# Arm Rest



## Ollie33 (Sep 3, 2011)

The allen key nut which holds the arm rest to the seat has broken causing the arm to fall off. Can this nut be replaced or will I have to get a complete new arm.


----------



## centrefire (Apr 23, 2007)

you will probably have to drill out the remaining bolt without damaging the threads and replace with a high tensile bolt. 
Should be no problem to a DIY person so dont panic.


----------



## Ollie33 (Sep 3, 2011)

Thank you for the reply. Just what I wanted to hear. Told Mrs Ollie the good news. She has now announced that when she took out part of the broken bolt there was a small spring with it which she now cannot find. Any idea what this may have been


----------



## Zebedee (Oct 3, 2007)

Ollie33 said:


> Thank you for the reply.
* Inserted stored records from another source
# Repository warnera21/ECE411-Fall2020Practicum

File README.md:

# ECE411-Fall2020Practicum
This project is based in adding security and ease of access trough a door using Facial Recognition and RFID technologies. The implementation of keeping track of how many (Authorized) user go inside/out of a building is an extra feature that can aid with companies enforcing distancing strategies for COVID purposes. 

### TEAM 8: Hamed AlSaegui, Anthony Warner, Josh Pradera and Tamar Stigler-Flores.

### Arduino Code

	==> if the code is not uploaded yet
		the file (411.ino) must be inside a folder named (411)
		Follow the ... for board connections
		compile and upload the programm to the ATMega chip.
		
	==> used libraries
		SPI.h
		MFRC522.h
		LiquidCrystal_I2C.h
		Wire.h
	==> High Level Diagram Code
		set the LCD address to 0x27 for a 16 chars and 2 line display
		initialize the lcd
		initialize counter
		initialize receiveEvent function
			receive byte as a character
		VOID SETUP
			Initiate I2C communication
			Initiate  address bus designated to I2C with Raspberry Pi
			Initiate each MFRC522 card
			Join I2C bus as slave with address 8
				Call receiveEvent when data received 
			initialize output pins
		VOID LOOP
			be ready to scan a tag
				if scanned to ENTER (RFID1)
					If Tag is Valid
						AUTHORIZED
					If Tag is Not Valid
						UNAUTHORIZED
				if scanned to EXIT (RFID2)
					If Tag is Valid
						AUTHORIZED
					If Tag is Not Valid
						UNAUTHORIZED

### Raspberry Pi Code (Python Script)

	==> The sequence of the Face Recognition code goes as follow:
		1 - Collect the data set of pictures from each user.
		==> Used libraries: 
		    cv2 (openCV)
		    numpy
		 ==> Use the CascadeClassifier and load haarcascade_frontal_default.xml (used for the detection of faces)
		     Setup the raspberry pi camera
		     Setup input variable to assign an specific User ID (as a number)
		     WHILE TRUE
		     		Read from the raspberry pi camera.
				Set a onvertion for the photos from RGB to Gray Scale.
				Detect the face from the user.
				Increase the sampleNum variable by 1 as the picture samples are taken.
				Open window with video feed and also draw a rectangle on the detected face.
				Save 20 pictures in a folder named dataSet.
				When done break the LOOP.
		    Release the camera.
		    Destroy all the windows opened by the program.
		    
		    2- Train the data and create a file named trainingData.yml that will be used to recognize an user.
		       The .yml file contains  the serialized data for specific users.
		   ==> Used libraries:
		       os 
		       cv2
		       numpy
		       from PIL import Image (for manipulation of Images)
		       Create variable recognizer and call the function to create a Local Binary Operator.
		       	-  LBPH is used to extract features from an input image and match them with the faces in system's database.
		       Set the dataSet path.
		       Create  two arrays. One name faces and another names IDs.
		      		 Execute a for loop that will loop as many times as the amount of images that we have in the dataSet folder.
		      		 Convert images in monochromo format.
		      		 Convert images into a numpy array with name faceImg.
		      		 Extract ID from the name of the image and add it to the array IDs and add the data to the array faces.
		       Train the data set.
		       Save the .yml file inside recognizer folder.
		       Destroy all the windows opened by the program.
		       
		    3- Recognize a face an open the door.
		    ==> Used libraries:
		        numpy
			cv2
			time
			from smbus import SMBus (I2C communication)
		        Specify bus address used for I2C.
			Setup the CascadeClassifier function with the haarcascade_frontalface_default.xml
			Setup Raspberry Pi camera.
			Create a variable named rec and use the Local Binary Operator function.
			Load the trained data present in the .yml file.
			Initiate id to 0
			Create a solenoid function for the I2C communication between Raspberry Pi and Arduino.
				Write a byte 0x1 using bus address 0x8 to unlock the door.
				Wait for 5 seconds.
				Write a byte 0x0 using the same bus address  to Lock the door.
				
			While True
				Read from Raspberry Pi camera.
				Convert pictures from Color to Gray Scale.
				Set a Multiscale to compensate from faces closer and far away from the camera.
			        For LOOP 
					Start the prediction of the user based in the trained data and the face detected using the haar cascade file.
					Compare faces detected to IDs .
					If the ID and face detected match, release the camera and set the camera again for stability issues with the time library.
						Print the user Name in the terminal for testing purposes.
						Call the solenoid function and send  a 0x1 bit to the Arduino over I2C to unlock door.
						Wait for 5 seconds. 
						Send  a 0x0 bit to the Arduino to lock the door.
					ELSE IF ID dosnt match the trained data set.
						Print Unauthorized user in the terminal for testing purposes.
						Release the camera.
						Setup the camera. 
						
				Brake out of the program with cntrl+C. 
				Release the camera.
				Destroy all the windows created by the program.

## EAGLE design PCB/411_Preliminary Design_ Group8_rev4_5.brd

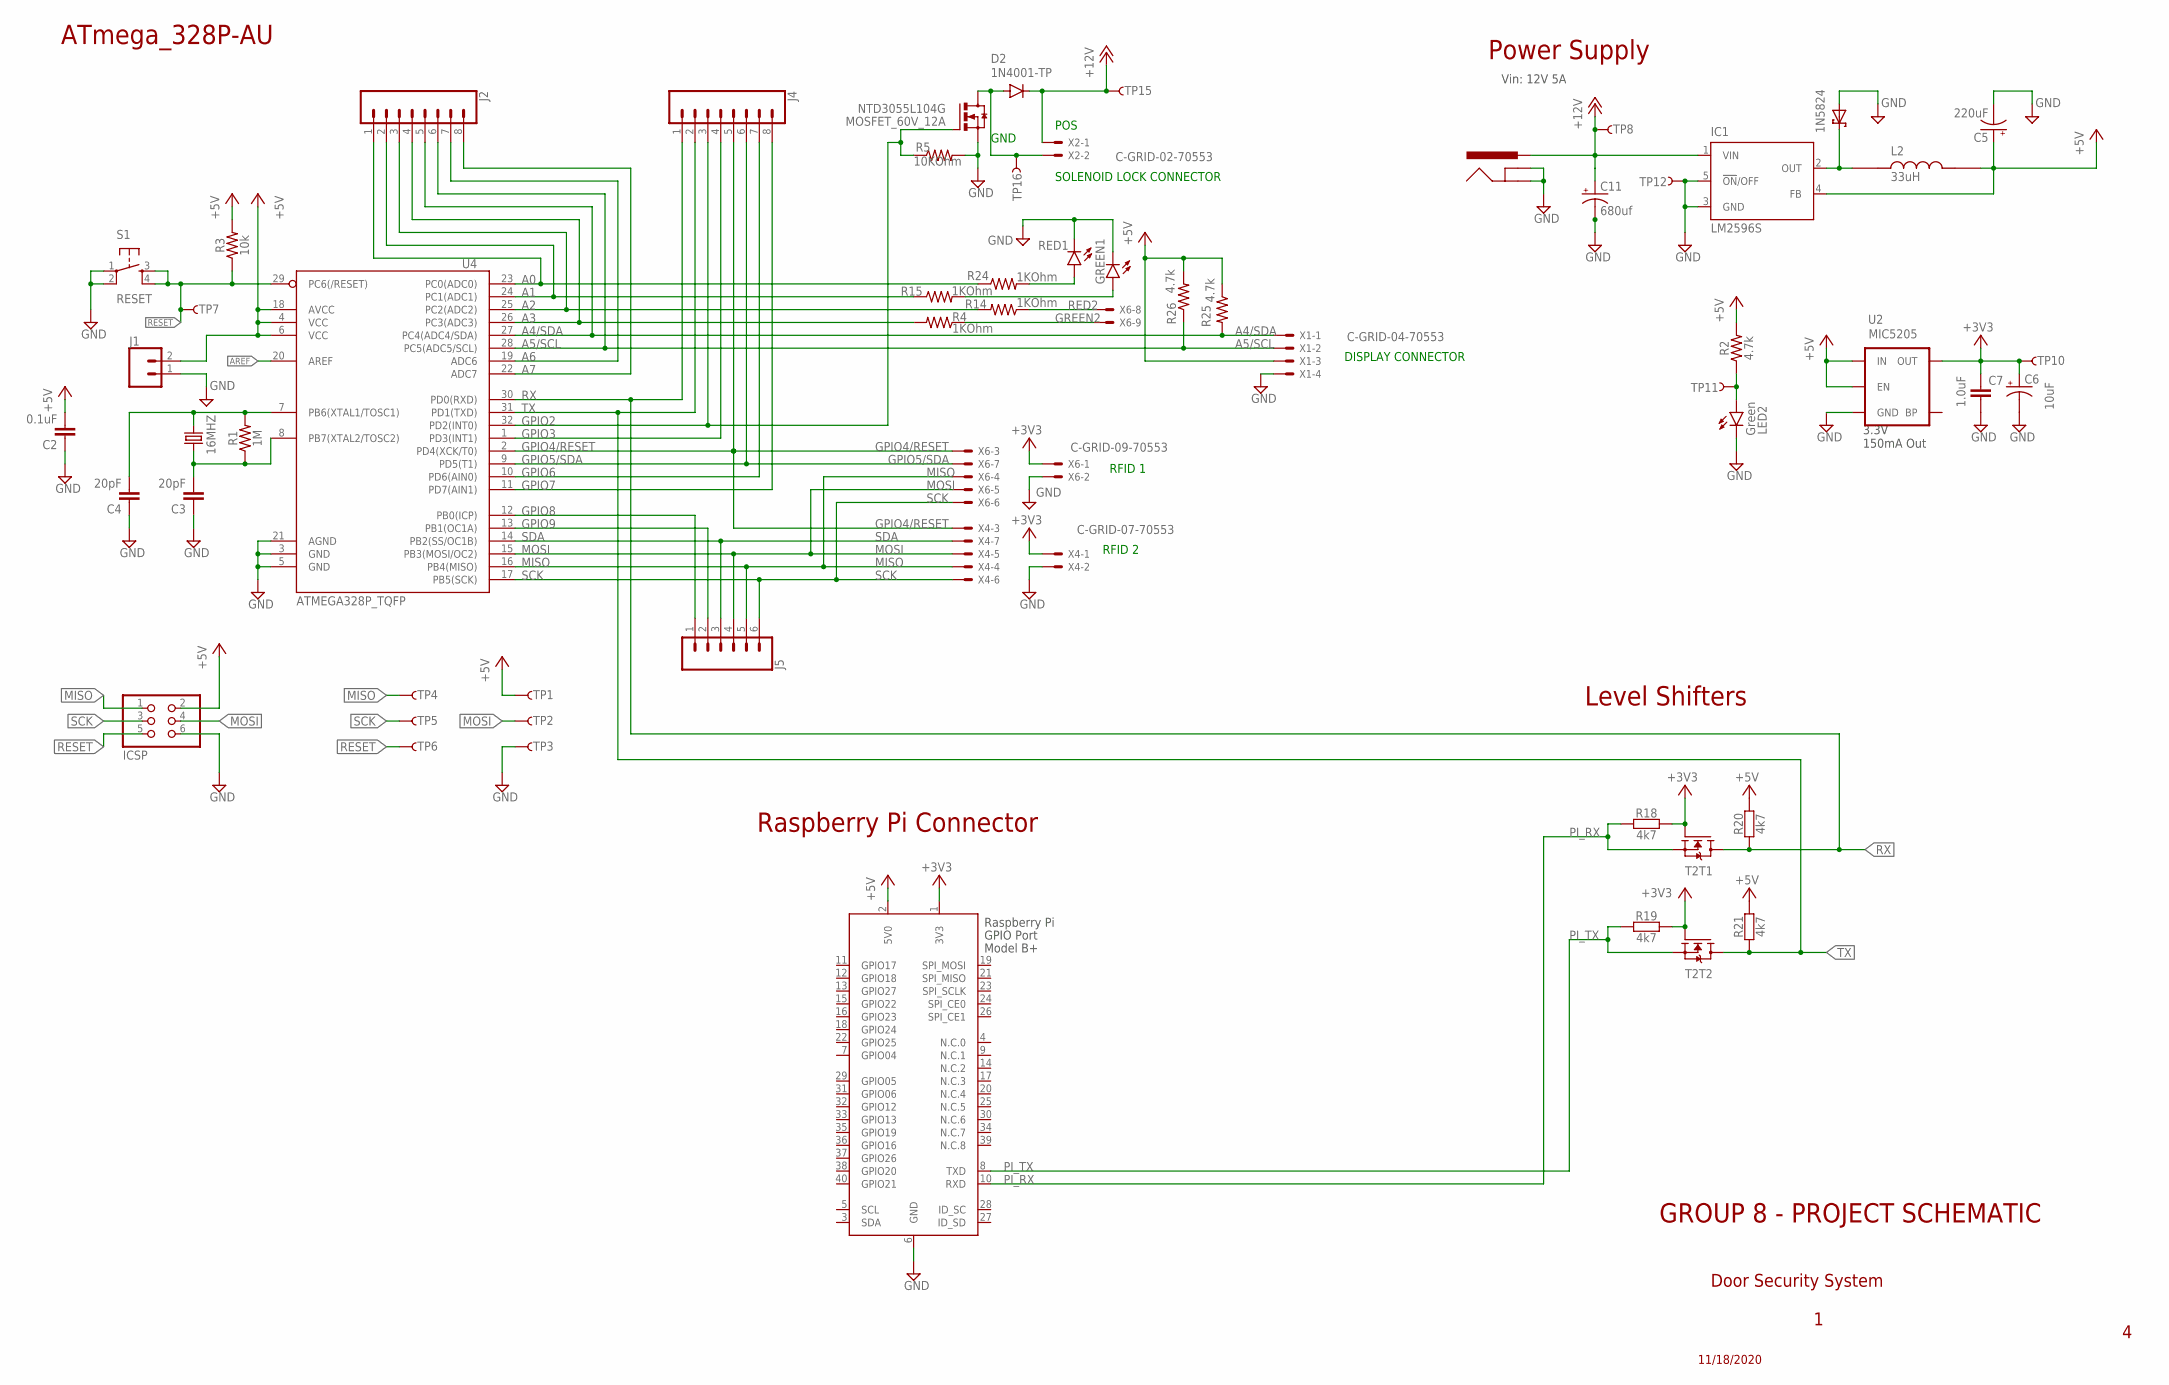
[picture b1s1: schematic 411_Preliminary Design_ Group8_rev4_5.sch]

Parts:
1N5824: SCHOTTKY-DIODECB429-15; CB429-15
16MHZ: 16MHZ; HC49/S
C2: 0.1uF; 0603
C3, C4: 20pF; 0603
C5: 220uF; 153CLV-0605
C6: 10uF; EIA3216
C7: 1.0uF; 0603
C11: 680uf; 153CLV-0605
D2: 1N4001-TP; DO41-10
GREEN1: LED5MM
IC1: LM2596S; TO263-5
ICSP: ICSP; 2X03
J1: CONN_02; 1X02
J2, J4: CONN_08"; 1X08
J3: POWER_JACKSUPER_BOMB_DIGITY; POWER_JACK_SMD_OVERPASTE_SUPER_BOMB_DIGITY
J5: CONN_06SILK_FEMALE_PTH; 1X06
L2: 33uH; IND_#B953AS-330M=P3
LED2: Green; LED-1206
MOSFET_60V_12A: NTD3055L104G; DPAK3
R1: 1M; 0603
R2, R25, R26: 4.7k; 0603
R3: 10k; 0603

Just what I wanted to hear. Told Mrs Ollie the good news. She has now announced that when she took out part of the broken bolt there was a small spring with it which she now cannot find. Any idea what this may have been


Probably a spring washer.

Don't worry about it too much if that's what it was - they are easy enough to come by from any decent hardware shop, and it will only be there to provide tension for the armrest to swivel.

If getting the broken bit out proves difficult the hardware shop will also have a set of screw extractors. Not expensive, and they will tell you how to use them if you are unsure.

Dave


----------